Monday, May 24, 2010

I travel by bike

After Saturday's disappointing and painful crit (in which I found myself sliding by way of butt cheek down a steep hill on the rain-slicked streets of Wilmington, DE) I hauled my achin' butt out of bed and back on the bike again at 10am the next morning setting out to ride to our next host house in Somerset, New Jersey. I needed about 6.5 hours of ride time so the 100 miles to get there would actually be a little short, but I'd worry about that if and when we actually made it to the house that was two states over.

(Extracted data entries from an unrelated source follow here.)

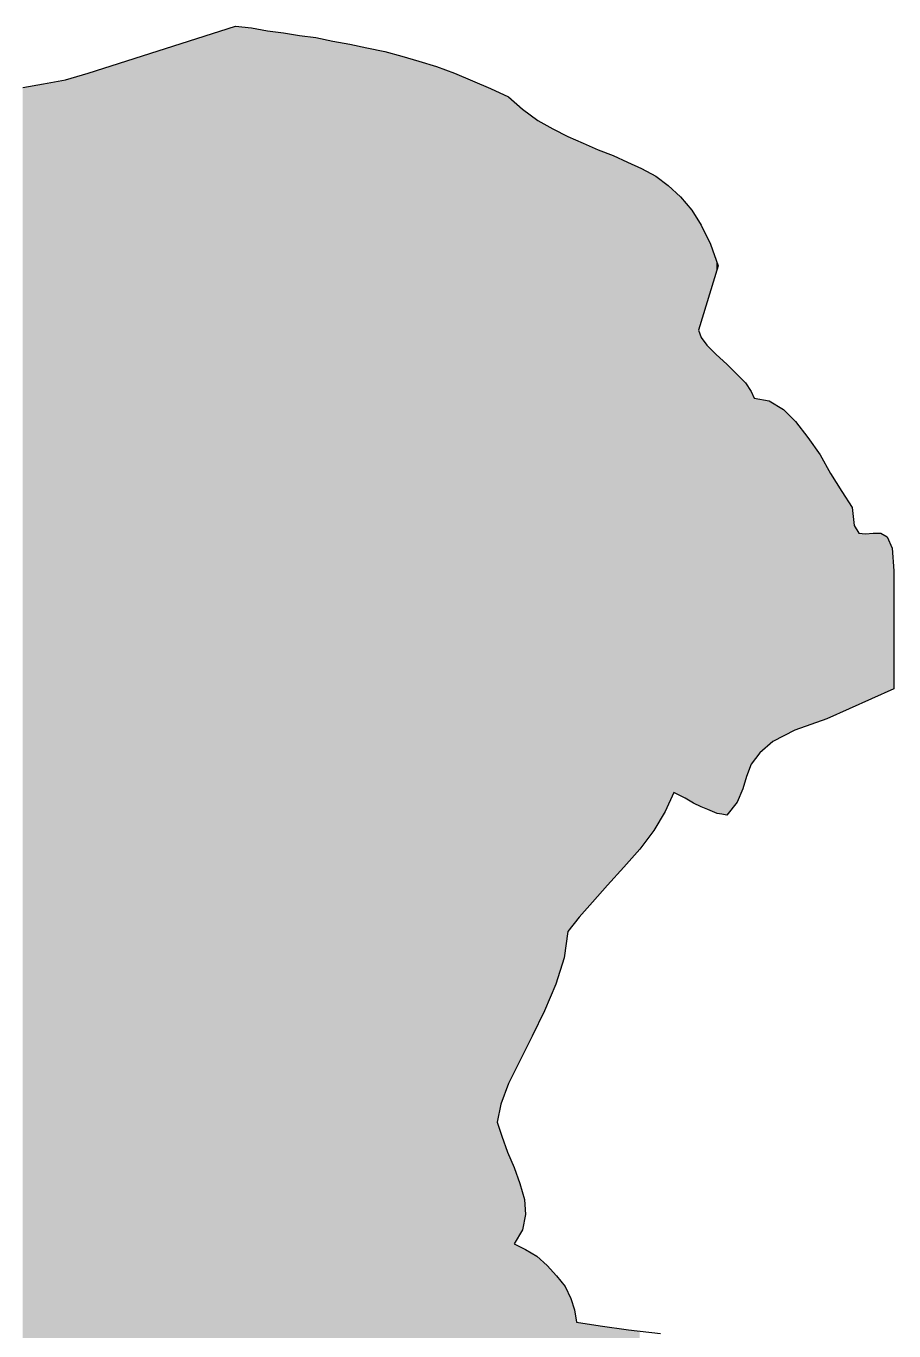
# Model space of a CAD drawing. Extents: x -73 to 16, y -2 to 165.
# Drawn here: x -28.27 to -10.66, y 138.35 to 164.84 of the extents above; entities that cross this region are included whole.
import ezdxf

# ---------------------------------------------------------------- set-up
doc = ezdxf.new("R2010")
doc.units = 0
doc.header["$LTSCALE"] = 25
doc.layers.get('0').update_dxf_attribs({"linetype": 'CONTINUOUS'})
doc.layers.add('7', color=7, linetype='CONTINUOUS')

# ---------------------------------------------------------------- blocks, each defined once
blk = doc.blocks.new('*U0')
for points in [[(-24.02, 61.724), (-24.135, 164.806), (-24.02, 164.843)], [(-24.02, 61.724), (-24.02, 164.843), (-23.943, 61.728)], [(-23.943, 61.728), (-24.02, 164.843), (-23.943, 164.834)], [(-23.943, 61.728), (-23.943, 164.834), (-23.848, 61.738)], [(-23.848, 61.738), (-23.943, 164.834), (-23.848, 164.823)], [(-23.848, 61.738), (-23.848, 164.823), (-23.694, 61.755)], [(-23.694, 61.755), (-23.848, 164.823), (-23.694, 164.805)], [(-24.863, 61.713), (-25.017, 164.523), (-24.863, 164.572)], [(-24.767, 61.709), (-24.863, 164.572), (-24.767, 164.603)], [(-24.863, 61.713), (-24.863, 164.572), (-24.767, 61.709)], [(-24.633, 61.709), (-24.767, 164.603), (-24.633, 164.646)], [(-24.767, 61.709), (-24.767, 164.603), (-24.633, 61.709)], [(-24.422, 61.709), (-24.633, 164.646), (-24.422, 164.714)], [(-24.633, 61.709), (-24.633, 164.646), (-24.422, 61.709)], [(-24.346, 61.709), (-24.422, 164.714), (-24.346, 164.738)], [(-24.422, 61.709), (-24.422, 164.714), (-24.346, 61.709)], [(-24.192, 61.716), (-24.346, 164.738), (-24.192, 164.787)], [(-24.346, 61.709), (-24.346, 164.738), (-24.192, 61.716)], [(-24.135, 61.719), (-24.192, 164.787), (-24.135, 164.806)], [(-24.192, 61.716), (-24.192, 164.787), (-24.135, 61.719)], [(-24.135, 61.719), (-24.135, 164.806), (-24.02, 61.724)], [(-23.694, 61.755), (-23.694, 164.805), (-23.598, 61.766)], [(-23.598, 61.766), (-23.694, 164.805), (-23.598, 164.788)], [(-23.598, 61.766), (-23.598, 164.788), (-23.522, 61.78)], [(-23.522, 61.78), (-23.598, 164.788), (-23.522, 164.774)], [(-23.522, 61.78), (-23.522, 164.774), (-23.368, 61.809)], [(-23.368, 61.809), (-23.522, 164.774), (-23.368, 164.747)], [(-23.368, 61.809), (-23.368, 164.747), (-23.292, 61.823)], [(-23.292, 61.823), (-23.368, 164.747), (-23.292, 164.738)], [(-23.292, 61.823), (-23.292, 164.738), (-23.176, 61.848)], [(-23.176, 61.848), (-23.292, 164.738), (-23.176, 164.725)], [(-23.176, 61.848), (-23.176, 164.725), (-23.042, 61.877)], [(-23.042, 61.877), (-23.176, 164.725), (-23.042, 164.709)], [(-23.042, 61.877), (-23.042, 164.709), (-23.023, 61.881)], [(-23.023, 61.881), (-23.042, 164.709), (-23.023, 164.706)], [(-23.023, 61.881), (-23.023, 164.706), (-22.831, 61.958)], [(-22.831, 61.958), (-23.023, 164.706), (-22.831, 164.672)], [(-22.831, 61.958), (-22.831, 164.672), (-22.716, 61.842)], [(-22.716, 61.842), (-22.831, 164.672), (-22.716, 164.651)], [(-22.716, 61.842), (-22.716, 164.651), (-22.582, 61.709)], [(-22.582, 61.709), (-22.716, 164.651), (-22.582, 164.635)], [(-22.582, 61.709), (-22.582, 164.635), (-22.544, 61.67)], [(-22.544, 61.67), (-22.582, 164.635), (-22.544, 164.631)], [(-22.544, 61.67), (-22.544, 164.631), (-22.467, 61.609)], [(-22.467, 61.609), (-22.544, 164.631), (-22.467, 164.622)], [(-22.467, 61.609), (-22.467, 164.622), (-22.39, 61.547)], [(-22.39, 61.547), (-22.467, 164.622), (-22.39, 164.613)], [(-22.39, 61.547), (-22.39, 164.613), (-22.256, 61.44)], [(-22.256, 61.44), (-22.39, 164.613), (-22.256, 164.583)], [(-22.256, 61.44), (-22.256, 164.583), (-22.103, 61.299)], [(-22.103, 61.299), (-22.256, 164.583), (-22.103, 164.549)], [(-22.103, 61.299), (-22.103, 164.549), (-22.045, 61.246)], [(-22.045, 61.246), (-22.103, 164.549), (-22.045, 164.536)], [(-25.669, 61.766), (-25.86, 164.253), (-25.669, 164.314)], [(-25.63, 61.763), (-25.669, 164.314), (-25.63, 164.327)], [(-25.669, 61.766), (-25.669, 164.314), (-25.63, 61.763)], [(-25.362, 61.74), (-25.63, 164.327), (-25.362, 164.413)], [(-25.63, 61.763), (-25.63, 164.327), (-25.362, 61.74)], [(-25.209, 61.728), (-25.362, 164.413), (-25.209, 164.462)], [(-25.362, 61.74), (-25.362, 164.413), (-25.209, 61.728)], [(-25.113, 61.724), (-25.209, 164.462), (-25.113, 164.492)], [(-25.209, 61.728), (-25.209, 164.462), (-25.113, 61.724)], [(-25.017, 61.719), (-25.113, 164.492), (-25.017, 164.523)], [(-25.113, 61.724), (-25.113, 164.492), (-25.017, 61.719)], [(-25.017, 61.719), (-25.017, 164.523), (-24.863, 61.713)], [(-22.045, 61.246), (-22.045, 164.536), (-22.026, 61.229)], [(-22.026, 61.229), (-22.045, 164.536), (-22.026, 164.533)], [(-22.026, 61.229), (-22.026, 164.533), (-21.815, 61.071)], [(-21.815, 61.071), (-22.026, 164.533), (-21.815, 164.498)], [(-21.815, 61.071), (-21.815, 164.498), (-21.796, 61.057)], [(-21.796, 61.057), (-21.815, 164.498), (-21.796, 164.495)], [(-21.796, 61.057), (-21.796, 164.495), (-21.719, 60.995)], [(-21.719, 60.995), (-21.796, 164.495), (-21.719, 164.482)], [(-21.719, 60.995), (-21.719, 164.482), (-21.7, 60.98)], [(-21.7, 60.98), (-21.719, 164.482), (-21.7, 164.479)], [(-21.7, 60.98), (-21.7, 164.479), (-21.605, 60.903)], [(-21.605, 60.903), (-21.7, 164.479), (-21.605, 164.458)], [(-21.605, 60.903), (-21.605, 164.458), (-21.432, 60.769)], [(-21.432, 60.769), (-21.605, 164.458), (-21.432, 164.419)], [(-21.432, 60.769), (-21.432, 164.419), (-21.355, 60.702)], [(-21.355, 60.702), (-21.432, 164.419), (-21.355, 164.402)], [(-21.355, 60.702), (-21.355, 164.402), (-21.336, 60.685)], [(-21.336, 60.685), (-21.355, 164.402), (-21.336, 164.398)], [(-21.336, 60.685), (-21.336, 164.398), (-21.279, 60.635)], [(-21.279, 60.635), (-21.336, 164.398), (-21.279, 164.386)], [(-21.279, 60.635), (-21.279, 164.386), (-21.144, 60.501)], [(-21.144, 60.501), (-21.279, 164.386), (-21.144, 164.357)], [(-21.144, 60.501), (-21.144, 164.357), (-21.106, 60.501)], [(-21.106, 60.501), (-21.144, 164.357), (-21.106, 164.349)], [(-21.106, 60.501), (-21.106, 164.349), (-20.991, 60.501)], [(-20.991, 60.501), (-21.106, 164.349), (-20.991, 164.325)], [(-20.991, 60.501), (-20.991, 164.325), (-20.953, 60.484)], [(-20.953, 60.484), (-20.991, 164.325), (-20.953, 164.314)], [(-20.953, 60.484), (-20.953, 164.314), (-20.857, 60.444)], [(-20.857, 60.444), (-20.953, 164.314), (-20.857, 164.288)], [(-20.857, 60.444), (-20.857, 164.288), (-20.703, 60.347)], [(-20.703, 60.347), (-20.857, 164.288), (-20.703, 164.245)], [(-26.474, 61.889), (-26.627, 164.007), (-26.474, 164.056)], [(-26.186, 61.831), (-26.474, 164.056), (-26.186, 164.148)], [(-26.474, 61.889), (-26.474, 164.056), (-26.186, 61.831)], [(-26.148, 61.823), (-26.186, 164.148), (-26.148, 164.161)], [(-26.186, 61.831), (-26.186, 164.148), (-26.148, 61.823)], [(-25.898, 61.794), (-26.148, 164.161), (-25.898, 164.241)], [(-26.148, 61.823), (-26.148, 164.161), (-25.898, 61.794)], [(-25.86, 61.789), (-25.898, 164.241), (-25.86, 164.253)], [(-25.898, 61.794), (-25.898, 164.241), (-25.86, 61.789)], [(-25.86, 61.789), (-25.86, 164.253), (-25.669, 61.766)], [(-20.703, 60.347), (-20.703, 164.245), (-20.646, 60.282)], [(-20.646, 60.282), (-20.703, 164.245), (-20.646, 164.229)], [(-20.646, 60.282), (-20.646, 164.229), (-20.627, 60.26)], [(-20.627, 60.26), (-20.646, 164.229), (-20.627, 164.224)], [(-20.627, 60.26), (-20.627, 164.224), (-20.588, 60.216)], [(-20.588, 60.216), (-20.627, 164.224), (-20.588, 164.213)], [(-20.588, 60.216), (-20.588, 164.213), (-20.569, 60.194)], [(-20.569, 60.194), (-20.588, 164.213), (-20.569, 164.208)], [(-20.569, 60.194), (-20.569, 164.208), (-20.416, 60.041)], [(-20.416, 60.041), (-20.569, 164.208), (-20.416, 164.165)], [(-20.416, 60.041), (-20.416, 164.165), (-20.301, 59.877)], [(-20.301, 59.877), (-20.416, 164.165), (-20.301, 164.133)], [(-20.301, 59.877), (-20.301, 164.133), (-20.281, 59.849)], [(-20.281, 59.849), (-20.301, 164.133), (-20.281, 164.127)], [(-20.281, 59.849), (-20.281, 164.127), (-20.205, 59.709)], [(-20.205, 59.709), (-20.281, 164.127), (-20.205, 164.103)], [(-20.205, 59.709), (-20.205, 164.103), (-20.167, 59.638)], [(-20.167, 59.638), (-20.205, 164.103), (-20.167, 164.091)], [(-20.167, 59.638), (-20.167, 164.091), (-20.128, 59.568)], [(-20.128, 59.568), (-20.167, 164.091), (-20.128, 164.079)], [(-20.128, 59.568), (-20.128, 164.079), (-20.051, 59.427)], [(-20.051, 59.427), (-20.128, 164.079), (-20.051, 164.055)], [(-20.051, 59.427), (-20.051, 164.055), (-19.955, 59.312)], [(-19.955, 59.312), (-20.051, 164.055), (-19.955, 164.025)], [(-19.955, 59.312), (-19.955, 164.025), (-19.937, 59.297)], [(-19.937, 59.297), (-19.955, 164.025), (-19.937, 164.019)], [(-19.937, 59.297), (-19.937, 164.019), (-19.86, 59.236)], [(-19.86, 59.236), (-19.937, 164.019), (-19.86, 163.99)], [(-27.47, 62.162), (-27.528, 163.74), (-27.47, 163.75)], [(-27.356, 62.124), (-27.47, 163.75), (-27.356, 163.784)], [(-27.47, 62.162), (-27.47, 163.75), (-27.356, 62.124)], [(-27.087, 62.035), (-27.356, 163.784), (-27.087, 163.862)], [(-27.356, 62.124), (-27.356, 163.784), (-27.087, 62.035)], [(-27.049, 62.025), (-27.087, 163.862), (-27.049, 163.873)], [(-27.087, 62.035), (-27.087, 163.862), (-27.049, 62.025)], [(-27.01, 62.015), (-27.049, 163.873), (-27.01, 163.884)], [(-27.049, 62.025), (-27.049, 163.873), (-27.01, 62.015)], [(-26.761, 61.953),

A mere 2 hours in I found myself on the outskirts of Philadelphia and damn near cracked. Contributing factors to my mental breakdown:
- The route consisted of something like 127 turns.... I swear it never felt like we were on any road for longer than 0.3 miles.
- We were navigating with David's Garmin and, as is expected with his slightly spastic nature, we'd get into a conversation (i.e. he'd start freely spilling random info into my ear, and I would nod) and would forget to look down at the GPS. I'm gonna estimate that we missed 15 turns. And the GPS takes around 10 minutes to recalculate after each of those mistakes. It felt like we were riding blind most of the time.
- I was 2 flats deep and out of tubes.
- There were at least 3 or 4 holes in the tire with shimmering bits of glass or metal sticking out. And they were laughing at me.
- I don't know if you've ever been in the area, but there's no such thing as a nice, quiet country road between Wilmington and Philly. There are entirely too many people, too much developed land, and too many stop lights. And they're all red. All the time.
- David's response for all of the slow traffic lights and neighborhoods we encountered was to sprint from a stand still after every light. And up every hill. I don't do that.
- For the first two hours it seems like I rode next to David for a total of about 15 minutes. Other than that he was either pedaling 75 watts, messing with the Garmin or doing 500 up some hill. If I had had the slightest clue where I was, I would have ditched him in a heartbeat during that first 2 hours.

Philly took care of all my problems. Directed by 4 swole frat dudes to the nearest bike shop and then escorted there by a friendly Philly bike commuter, I restocked on tubes and replaced my shit rear tire with a new one for a whopping $15. Leaving the shop I still felt a little bummed that we'd only ridden about 2 out of the last 3 hours since we'd left Wilmington. Soon enough we were amongst the action of traffic, sky scrapers, restaurants, and people of downtown Philadelphia, and for some reason I got really excited. Being in an urban setting while I was trying to train would have pissed me off any other day, but I had pretty much already thrown the idea of "training" out the window for the day. Now I was in tourist mode. "I've never been to Philly, I neeeeeed a cheese steak!!!!" After luring David into the idea by offering to pay for his cheese steak, we did it. Got a loaded hoagie from a street vendor, hijacked patio chairs from some fancy shmancy restaurant and started enjoying the day.

Something clicked and my motivation was unbreakable after that. We got into a rhythm and started training for real. We ran every red light for the next 80 miles. It started raining.... who cares. Almost just got hit by that car.... eh, whatever.

We squeezed out 90 minutes of harder than necessary tempo at the end and even rode extra after we got to Somerset because we weren't done with the workout. I didn't ride a second less than 6.5 hours which was a huge success mentally. All year I've lacked the sometimes overly-motivated mentality that brought me success last year. It's almost back, and I desperately need it.

3 comments:

Jim said...

That trip sounds about the way I would expect it to go. Philly, depending on where you are, is damned dangerous. I agree, far too many cars, people, and red lights. OTOH, you are from Atlanta so you should be used to it! We plan on being at Philly for the race so we hope you are there instead of Tulsa. Tell Jason to contact me when he has time.

Anonymous said...

Thanks for sharing Joey! We missed you in Ohio but have been thinking of you during your exciting (to us, if not to you!) travels & races!

Unknown said...

lol i loved that day! Phil just realerted me to this article that I'd been meaning to read forever and actually couldn't really write bc you already wrote it! fyi...you had an unbelievable and motivated training day bc I'm awesome and you should probably rewrite the article about how awesome I am. Seriously, you'd have killed your self without me that day...I miss you Joey whether or not you miss me is apparently another question!